只是拔罗温木杰依然想不到,十几年后的如今,徐永生已经臻至如此地步,威震中原内外。骨勒可汗同样没有忘记此事,先前还专门找拔罗温木杰询问过事情经过。
接下来,拔罗温木杰更将奉骨勒可汗之命,作为使臣,前往大干东、西两都。
虽然大干朝堂上下,当前都在关中帝京,但拔罗温木杰接下来依然坚持再前往河洛东都一趟。他到了铁斋求见,倒也在天麒书院下课后,顺利见到徐永生。

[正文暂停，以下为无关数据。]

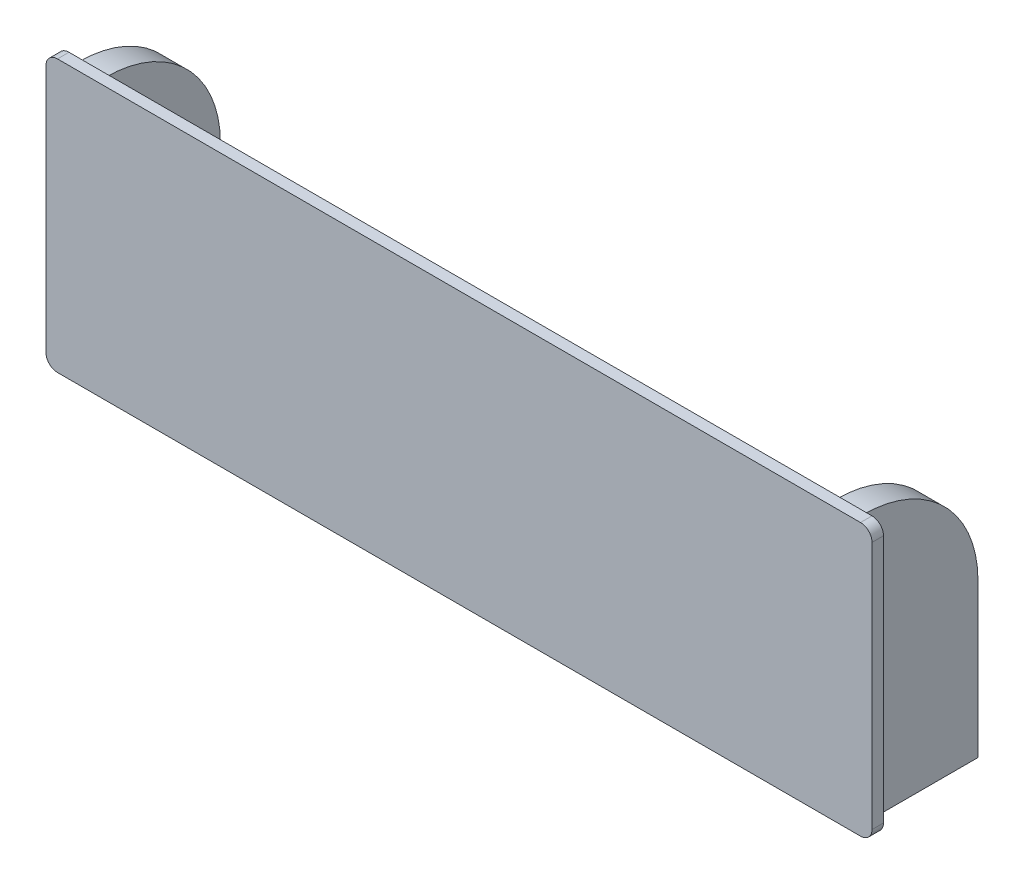
SolidWorks part; units mm, degrees
material "아크릴(내충격성)"
ref_plane "정면" through (0, 0, 0) normal (0, 0, 1) x (1, 0, 0)
ref_plane "윗면" through (0, 0, 0) normal (0, 1, 0) x (1, 0, 0)
ref_plane "우측면" through (0, 0, 0) normal (1, 0, 0) x (0, 0, -1)
sketch "스케치1" plane through (0, 0, 0) normal (0, 0, 1) x (1, 0, 0)
  line L1 (0, 0) -> (7, 0)
  line L2 (0, 0) -> (0, 70)
  line L3 (0, 70) -> (7, 70)
  line L4 (7, 0) -> (7, 70)
  line L5 (198, 0) -> (205, 0)
  line L6 (198, 0) -> (198, 70)
  line L7 (198, 70) -> (205, 70)
  line L8 (205, 0) -> (205, 70)
  dimension "D1" = 205
  dimension "D2" = 7
  dimension "D3" = 7
  dimension "D4" = 70
  dimension "D5" = 70
extrude "보스-돌출1" add sketch "스케치1" along normal blind 30.15
fillet "필렛1" radius 30 1 edges at (201.5, 70, 0)
fillet "필렛2" radius 30 1 edges at (3.5, 70, 0)
sketch "스케치2" plane through (0, 0, 30.15) normal (0, 0, 1) x (1, 0, 0)
  line L1 (210.45, 0) -> (-5.45, 0)
  line L2 (210.45, 0) -> (210.45, 71)
  line L3 (210.45, 71) -> (-5.45, 71)
  line L4 (-5.45, 0) -> (-5.45, 71)
  line L6 (205, 0) -> (205, 70) construction
  dimension "D1" = 215.9
  dimension "D2" = 71
  dimension "D3" = 0
  dimension "D4" = 5.45
extrude "보스-돌출2" add sketch "스케치2" along normal blind 3
fillet "필렛3" radius 3 4 edges at (-5.45, 0, 31.65) (210.45, 0, 31.65) (210.45, 71, 31.65) (-5.45, 71, 31.65)
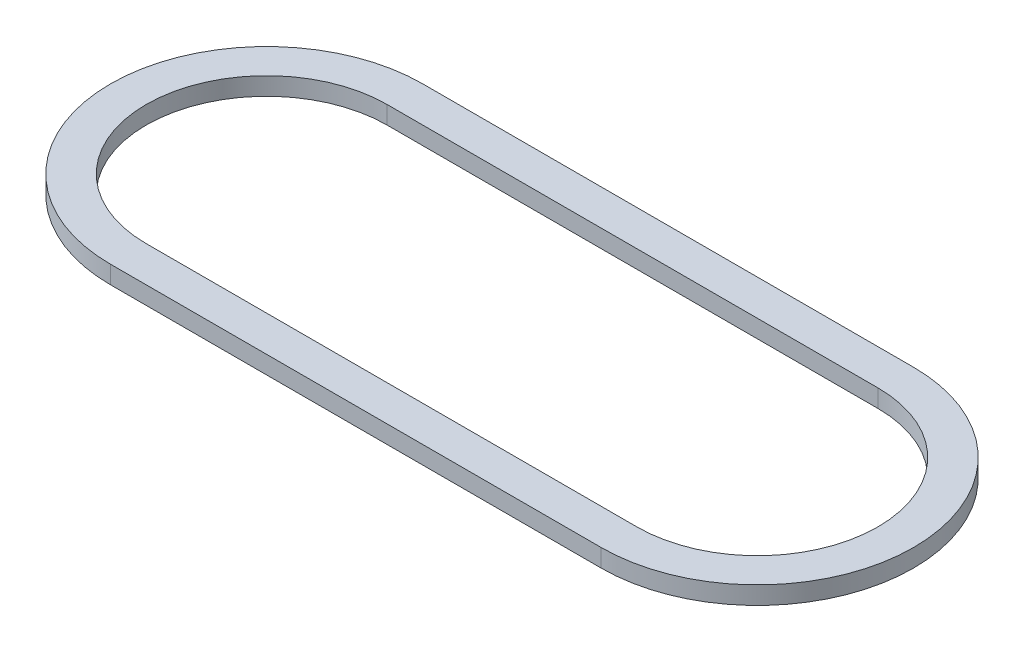
SolidWorks part; units mm, degrees
material "NBR"
ref_plane "Front Plane" through (0, 0, 0) normal (0, 0, 1) x (1, 0, 0)
ref_plane "Top Plane" through (0, 0, 0) normal (0, 1, 0) x (1, 0, 0)
ref_plane "Right Plane" through (0, 0, 0) normal (1, 0, 0) x (0, 0, -1)
sketch "Sketch1" plane through (0, 0, 0) normal (0, 1, 0) x (1, 0, 0)
  line L0 (-6.985, 0) -> (6.985, 0) construction
  line L1 (-6.985, 3.429) -> (6.985, 3.429)
  line L2 (-6.985, -3.429) -> (6.985, -3.429)
  line L3 (-6.985, 0) -> (6.985, 0) construction
  line L4 (-6.985, 4.445) -> (6.985, 4.445)
  line L5 (-6.985, -4.445) -> (6.985, -4.445)
  arc A0 (-6.985, 3.429) -> (-6.985, -3.429) centre (-6.985, 0) ccw
  arc A1 (6.985, -3.429) -> (6.985, 3.429) centre (6.985, 0) ccw
  arc A2 (-6.985, 4.445) -> (-6.985, -4.445) centre (-6.985, 0) ccw
  arc A3 (6.985, -4.445) -> (6.985, 4.445) centre (6.985, 0) ccw
  point P2 (0, 0)
  point P9 (0, 0)
  dimension "D2" = 4.445
  dimension "D1" = 1.016
  dimension "D3" = 13.97
extrude "Boss-Extrude1" add sketch "Sketch1" along normal blind 0.508
equation "\"w\"= 0.04"
equation "\"D2@Sketch1\"= .185 - .01 '10 thou smaller than channel rad"
equation "\"D1@Sketch1\"=\"w\""
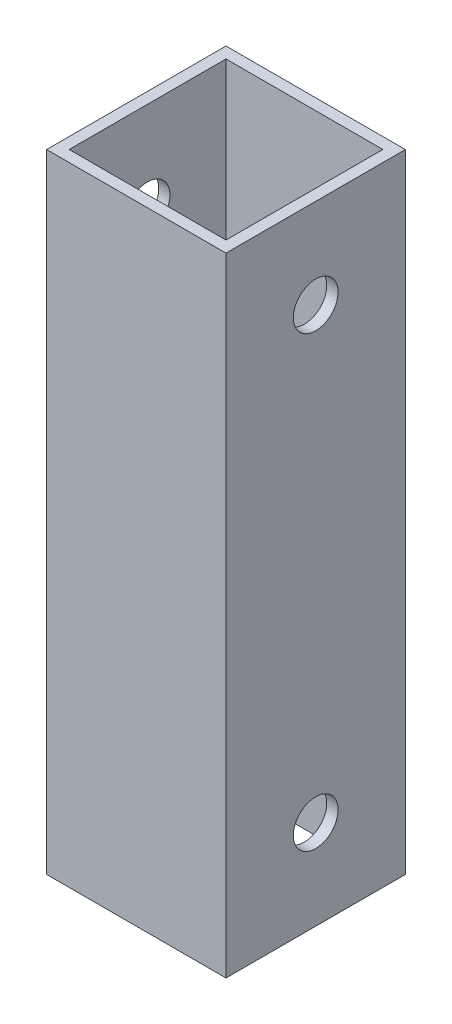
SolidWorks part; units mm, degrees
material "6061 Alloy"
ref_plane "Front Plane" through (0, 0, 0) normal (0, 0, 1) x (1, 0, 0)
ref_plane "Top Plane" through (0, 0, 0) normal (0, 1, 0) x (1, 0, 0)
ref_plane "Right Plane" through (0, 0, 0) normal (1, 0, 0) x (0, 0, -1)
sketch "Sketch1" plane through (0, 0, 0) normal (0, 1, 0) x (1, 0, 0)
  line L0 (-25.4, -25.4) -> (25.4, 25.4) construction
  line L1 (-25.4, 25.4) -> (25.4, 25.4)
  line L2 (-25.4, 25.4) -> (-25.4, -25.4)
  line L3 (-25.4, -25.4) -> (25.4, -25.4)
  line L4 (25.4, 25.4) -> (25.4, -25.4)
  line L5 (22.225, -22.225) -> (-22.225, 22.225) construction
  line L6 (-22.225, 22.225) -> (22.1918, 22.225)
  line L7 (-22.225, 22.225) -> (-22.225, -22.1918)
  line L8 (-22.225, -22.1918) -> (22.1918, -22.1918)
  line L9 (22.1918, 22.225) -> (22.1918, -22.1918)
  point P7 (0, 0)
  point P10 (0, 0)
  point P14 (0, 0)
  dimension "D1" = 50.8
  dimension "D2" = 3.175
  dimension "D3" = 3.175
extrude "Boss-Extrude1" add sketch "Sketch1" along normal blind 177.8
sketch "Sketch2" plane through (-25.4, 0, 0) normal (-1, 0, 0) x (0, 0, 1)
  line L0 (25.4, 88.9) -> (-25.4, 88.9) construction
  line L1 (25.4, 177.8) -> (25.4, 0) construction
  line L2 (-25.4, 177.8) -> (-25.4, 0) construction
  line L4 (0, 152.4) -> (0, 25.4) construction
  circle A1 centre (0, 25.4) radius 6.35
  circle A2 centre (0, 152.4) radius 6.35
  point P6 (0, 0)
  point P7 (0, 0)
  point P10 (0, 88.9)
  point P13 (0, 88.9)
  dimension "D2" = 12.7
extrude "Cut-Extrude1" cut sketch "Sketch2" against normal through all
equation "\"D1@Boss-Extrude1\"=\"HoleDist\"+2"

双方简单闲谈,徐永生语气虽淡泊,但言辞并不掩饰自己的意见,明确表态,希望骨勒可汗约束麾下,不要袭扰大干皇朝边疆。
拔罗温木杰自然连道不敢。
只是听徐永生语气,他也渐渐肯定,徐永生话虽如此说,但更注重边疆百姓安宁,而非大干皇朝社稷。他没在这里见到谢初然,心中已经松一口气。
虽然不像郭烈、英陌城、黄永震等人参与的那么深入,但当初朔方、西北事变中,黄纥人其实也有参加只不过包括骨勒可汗在内的大部分黄纥高手与兵马,更多在盯著宿敌九方人那边。
只是,眼下徐永生态度平静,让拔罗温木杰心中仍有些没底。
这位黄纥使臣忐忑不安地离开铁斋,离开东都。
晚些时候,则有王阐前来铁斋:「干军从雪原上撤下来了,正在陇右休整,不过河西节度使英陌城同北庭节度使沈志国之间,似是要换位。
不是临时换,而是像当初河东林修与河北张慕华一样的调换。」
当前时局下,搞这种大的手笔动作,对干廷中枢来说有利有弊。
尤其涉及武圣,又是西域之地,如有差池,中土难免应变不及。
「不过英陌城像是痛快答应了。」王阐言道。
徐永生先是微微颔首,接著转而问道:「怎么,为了李为的事情而来?有人请托到你身上?」王阐笑著摇头:「虽然不及你那般激进,但我的态度,时间久了大家也都有数,如何求到我头上来?」天麒书院最近,发生一场不大不小的乱子,学生之间出现斗殴。
一边是世家子弟,一边是庶民子弟。
李为亦参与其中。
准确说来,事情其实与他无关。
但李为平日里性情沉静的同时,却又好打抱不平。
于是这次他拔刀相助帮人出头,成了冲突主力。
虽然年纪轻、入学晚,但本就在学生间颇有威望的李为,此番更得人心的同时,也把自己推上风口浪「其人性情如此,另外入学前的经历也对他有所影响。」徐永生谈起此事,语气则颇平静。王阐微微点头,他亦有所耳闻。
李为出身关中京畿附近普通人家,是因为四年前关中大乱,于是逃难到河洛中原。